Alliteration always amuses me, hence the headline – and it does describe some recent ambles around the garden. Peering as I go, I am sometimes amazed at what I come across – often in plain sight but so easy to overlook.
So please join me on some recent saunters round the garden – obviously only the ones when my camera came too.
A butterfly fluttered past and – surprisingly – landed close by and stayed in one place with its wings outstretched. Although it was looking rather tatty it could fly well. I think this is a Gold-spotted Sylph (Metisella metis) but definitely one of the Metisella species, known as sylphs and classed as skipper butterflies.
Not a butterfly but a member of the Sarcophagidae family of flies, known as flesh flies. If we drop any anti-fly prejudices, we might see that actually it is very good-looking. Some Sarcophagidae species eat decaying organic matter of animal origin, including faeces, where the female may deposit live larvae. Some species are parasitoids of wasps and bees, and others feed on the prey of spiders or wasps, and some species on termites or on locust egg pods. There are 157 species of Sarcophagidae flies in southern Africa (2029 Picker: 356).
Also not granted a good press are blowflies, members of the Calliphoridae family. In some species adults, especially the females, are attracted to decaying flesh and faeces, where the maggot-like larvae develop. However, adult males are often nectar feeders, playing a role as pollinators. And some species in the family are associated with termite or ant nests. There are about 152 known species of Calliphoridae flies in southern Africa (2029 Picker: 354).
Without blowflies and their larvae to help dispose of carrion and other rotting matter, where would we be? And in addition, the contribution of flies as pollinators is often overlooked as is the role of parasitoid flies in controlling numbers of other insects, many of which we consider to be agricultural pests. For other aspects of flies see my previous posts bubble blowing flies and flies as pollinators.
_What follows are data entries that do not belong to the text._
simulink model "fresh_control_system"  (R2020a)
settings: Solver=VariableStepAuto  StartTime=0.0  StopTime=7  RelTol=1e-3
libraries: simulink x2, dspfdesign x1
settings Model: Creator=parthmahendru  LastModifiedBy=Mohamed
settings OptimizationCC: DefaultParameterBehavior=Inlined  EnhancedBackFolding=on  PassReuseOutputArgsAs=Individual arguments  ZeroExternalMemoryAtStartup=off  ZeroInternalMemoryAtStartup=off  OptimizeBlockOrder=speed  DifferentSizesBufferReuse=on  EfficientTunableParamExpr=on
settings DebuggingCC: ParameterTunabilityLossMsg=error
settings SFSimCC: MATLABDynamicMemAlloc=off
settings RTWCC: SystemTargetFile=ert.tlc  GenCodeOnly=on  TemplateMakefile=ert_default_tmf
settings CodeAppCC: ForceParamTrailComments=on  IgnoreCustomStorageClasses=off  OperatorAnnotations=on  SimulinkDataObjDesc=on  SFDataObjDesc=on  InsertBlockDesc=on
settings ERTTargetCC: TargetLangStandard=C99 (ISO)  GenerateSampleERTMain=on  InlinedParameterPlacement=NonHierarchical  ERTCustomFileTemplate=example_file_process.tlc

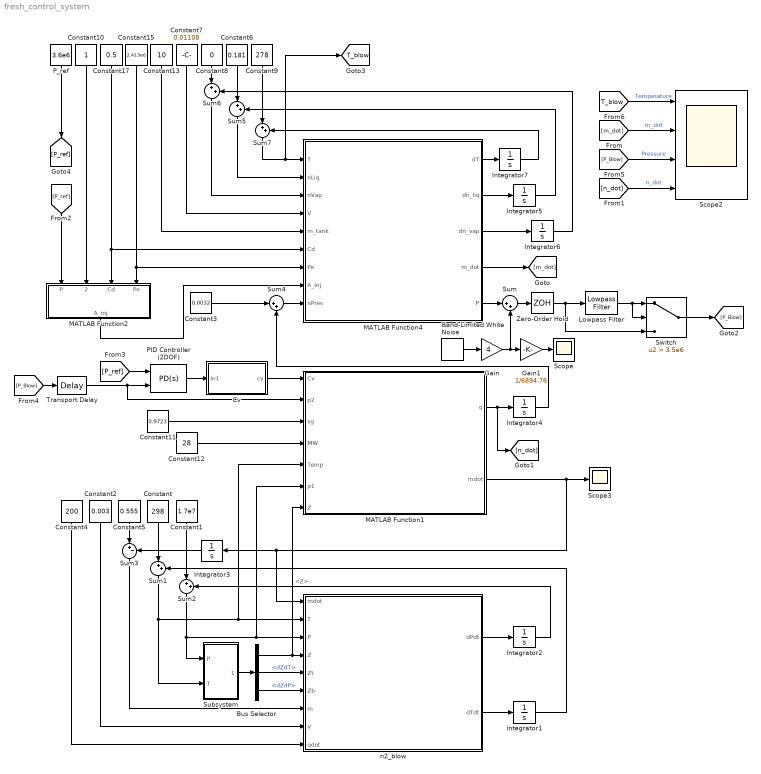
== system fresh_control_system ==
  Band-Limited White Noise : simulink/Sources/Band-Limited White Noise  Cov=100000  Ts=0.001  seed=[23341]
  Bus Selector : BusSelector  OutputSignals=Z,dZdT,dZdP
  Constant : Constant  Value=298
  Constant1 : Constant  Value=1.7e7
  Constant10 : Constant
  Constant11 : Constant  Value=0.9723
  Constant12 : Constant  Value=28
  Constant13 : Constant  Value=10
  Constant15 : Constant  Value=2.413e6  VectorParams1D=off
  Constant17 : Constant  Value=0.5
  Constant2 : Constant  Value=0.003
  Constant3 : Constant  Value=0.0032
  Constant4 : Constant  Value=200
  Constant5 : Constant  Value=0.555
  Constant6 : Constant  Value=0.181
  Constant7 : Constant  Value=0.01108
  Constant8 : Constant  Value=0
  Constant9 : Constant  Value=278
  Cv : Subsystem
  Gain : Gain  Gain=4
  Gain1 : Gain  Gain=1/6894.76
  Integrator{1..7} (7 alike) : Integrator
  Lowpass Filter : dspfdesign/Lowpass Filter  FilterType=FIR  DesignForMinimumOrder=off  FilterOrder=10  PassbandFrequency=700  StopbandFrequency=3000  PassbandRipple=0.1  StopbandAttenuation=80  InheritSampleRate=off  SampleRate=44100  SimulateUsing=Interpreted execution  roundingMode=Nearest  coeffsDataTypeStr=fixdt(1,16)
  MATLAB Function1 : MATLAB Function  TreatAsAtomicUnit=on
  MATLAB Function2 : MATLAB Function  TreatAsAtomicUnit=on
  MATLAB Function4 : MATLAB Function  TreatAsAtomicUnit=on
  PID Controller (2DOF) : simulink/Continuous/PID Controller (2DOF)  Controller=PD  Form=Parallel  TimeDomain=Continuous-time  UseExternalTs=off  SampleTime=-1  IntegratorMethod=Forward Euler  FilterMethod=Forward Euler  ControllerParametersSource=internal  P=3.2e-09  I=1.39281882332403e-13  D=0.9e-05  UseFilter=on  N=1.09398371936337  b=1  c=1  TunerSelectOption=Transfer Function Based (PID Tuner App)  InitialConditionSource=internal  InitialConditionForIntegrator=0  InitialConditionForFilter=0  DifferentiatorICPrevScaledInput=0  ExternalReset=none  TrackingMode=off  Kt=1  LimitOutput=on  UpperSaturationLimit=5  LowerSaturationLimit=0  LinearizeAsGain=on  AntiWindupMode=none  Kb=1  POutMin=[]  POutMax=[]  IOutMin=[]  IOutMax=[]  DOutMin=[]  DOutMax=[]  NOutMin=[]  NOutMax=[]  bOutMin=[]  bOutMax=[]  cOutMin=[]  cOutMax=[]  SumOutMin=[]  SumOutMax=[]  SaturationOutMin=[]  SaturationOutMax=[]  PParamMin=[]  PParamMax=[]  IParamMin=[]  IParamMax=[]  DParamMin=[]  DParamMax=[]  NParamMin=[]  NParamMax=[]  bParamMin=[]  bParamMax=[]  cParamMin=[]  cParamMax=[]  KbParamMin=[]  KbParamMax=[]  KtParamMin=[]  KtParamMax=[]  KbOutMin=[]  KbOutMax=[]  KtOutMin=[]  KtOutMax=[]  IntegratorOutMin=[]  IntegratorOutMax=[]  FilterOutMin=[]  FilterOutMax=[]  SumI1OutMin=[]  SumI1OutMax=[]  SumI2OutMin=[]  SumI2OutMax=[]  SumI3OutMin=[]  SumI3OutMax=[]  SumI4OutMin=[]  SumI4OutMax=[]  SumDOutMin=[]  SumDOutMax=[]  Sum1OutMin=[]  Sum1OutMax=[]  Sum2OutMin=[]  Sum2OutMax=[]  Sum3OutMin=[]  Sum3OutMax=[]  DifferentiatorOutMin=[]  DifferentiatorOutMax=[]  FilterDiffOutCoefMin=[]  FilterDiffOutCoefMax=[]  ReciprocalOutMin=[]  ReciprocalOutMax=[]  SumDenOutMin=[]  SumDenOutMax=[]  SumNumOutMin=[]  SumNumOutMax=[]  DivideOutMin=[]  DivideOutMax=[]  UdiffTsProdOutMin=[]  UdiffTsProdOutMax=[]  NTsProdOutMin=[]  NTsProdOutMax=[]  UintegralTsProdOutMin=[]  UintegralTsProdOutMax=[]  UngainTsProdOutMin=[]  UngainTsProdOutMax=[]  IntegratorContinuousStateAttributes=''  IntegratorStateMustResolveToSignalObject=off  IntegratorRTWStateStorageClass=Auto  FilterContinuousStateAttributes=''  FilterStateMustResolveToSignalObject=off  FilterRTWStateStorageClass=Auto  ParallelPVariant=InternalParameters  IdealPVariant=Disabled  IVariant=Disabled  DVariant=InternalParameters  bVariant=InternalParameters  cVariant=InternalParameters  IntegratorVariant=Disabled  SatVariant=Enabled  AWVariant=Disabled  PCopyVariant=Disabled  TRVariant=Disabled  FdbkBlocksVariant=Forward  IdealPFdbkVariant=Disabled  SatFdbkVariant=Disabled  DerivativeFilterVariant=ContFilter  NVariant=InternalParameters  NCopyVariant=Disabled  FilterICVariant=InternalICsFilter  IntegratorICVariant=Disabled  ExternalResetVariant=Disabled  TRSumVariant=Passthrough  SumFdbkVariant=Disabled  SumVariant=Sum_PD  TsampFilterVariant=InternalTs  TsampNgainVariant=Passthrough  TsampIntegralVariant=Disabled_SignalSpec
  P_ref : Constant  Value=3.6e6
  Scope : Scope
  Scope2 : Scope  NumInputPorts=4
  Scope3 : Scope
  Subsystem : Subsystem
  Sum{,1..2,4..7} (7 alike) : Sum  Inputs=|++
  Sum3 : Sum  Inputs=|+-
  Switch : Switch  Criteria=u2 > Threshold  Threshold=3.5e6
  Transport Delay : TransportDelay  DelayTime=0.01
  Zero-Order Hold : ZeroOrderHold  SampleTime=-1
  n2_blow : MATLAB Function  TreatAsAtomicUnit=on
  tag scope: T_blow=global
  wires:
  PID Controller (2DOF)/1 -> Cv/1(In1)
  MATLAB Function4/4(m_dot) -> [m_dot]
  [m_dot] -> Scope2/2  "m_dot"
  [n_dot] -> Scope2/4  "n_dot"
  [P_Blow] -> Scope2/3  "Pressure"
  [T_blow] -> Scope2/1  "Temperature"
  Constant4/1 -> n2_blow/9(qdot)
  Constant2/1 -> n2_blow/8(V)
  Constant1/1 -> Sum2/1
  n2_blow/1(dPdt) -> Integrator2/1
  Integrator2/1 -> Sum2/2
  Integrator1/1 -> Sum1/2
  n2_blow/2(dTdt) -> Integrator1/1
  Constant/1 -> Sum1/1
  Constant5/1 -> Sum3/1
  Sum3/1 -> n2_blow/7(m)
  MATLAB Function1/2(mdot) -> Scope3/1, n2_blow/1(mdot), Integrator3/1
  Integrator3/1 -> Sum3/2
  Sum4/1 -> MATLAB Function4/9(nPres)
  Constant3/1 -> Sum4/1
  Constant6/1 -> Sum5/1
  MATLAB Function4/1(dT) -> Integrator7/1
  MATLAB Function4/2(dn_liq) -> Integrator5/1
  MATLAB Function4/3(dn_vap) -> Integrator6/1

While scrutinizing the flowers on a Forest Pink Hibiscus (Hibiscus pedunculatus) in the garden, I was hugely surprised to see an assassin bug feeding on an apparently fresh and juicy caterpillar. A very busy ant was in attendance scurrying about and entering and leaving though some perfectly round holes eaten into the petals – presumably by the caterpillar before it was captured.
The assassin bug family, Reduviidae, is a large and cosmopolitan grouping of ambush hunters. In southern Africa all species are predatory (not blood suckers as some species in South America are). They use their long curved beak (rostrum) to swiftly stab their prey and then inject a paralysing substance that also liquefies the innards of the prey item. The assassin bug then sucks up a liquid meal. They prey on a variety of species, and depending on the type of assassin bug they might target millipedes, stinkbugs, honey bees, ants, butterflies, wasps or other insects, with some preying on caterpillars as we can see.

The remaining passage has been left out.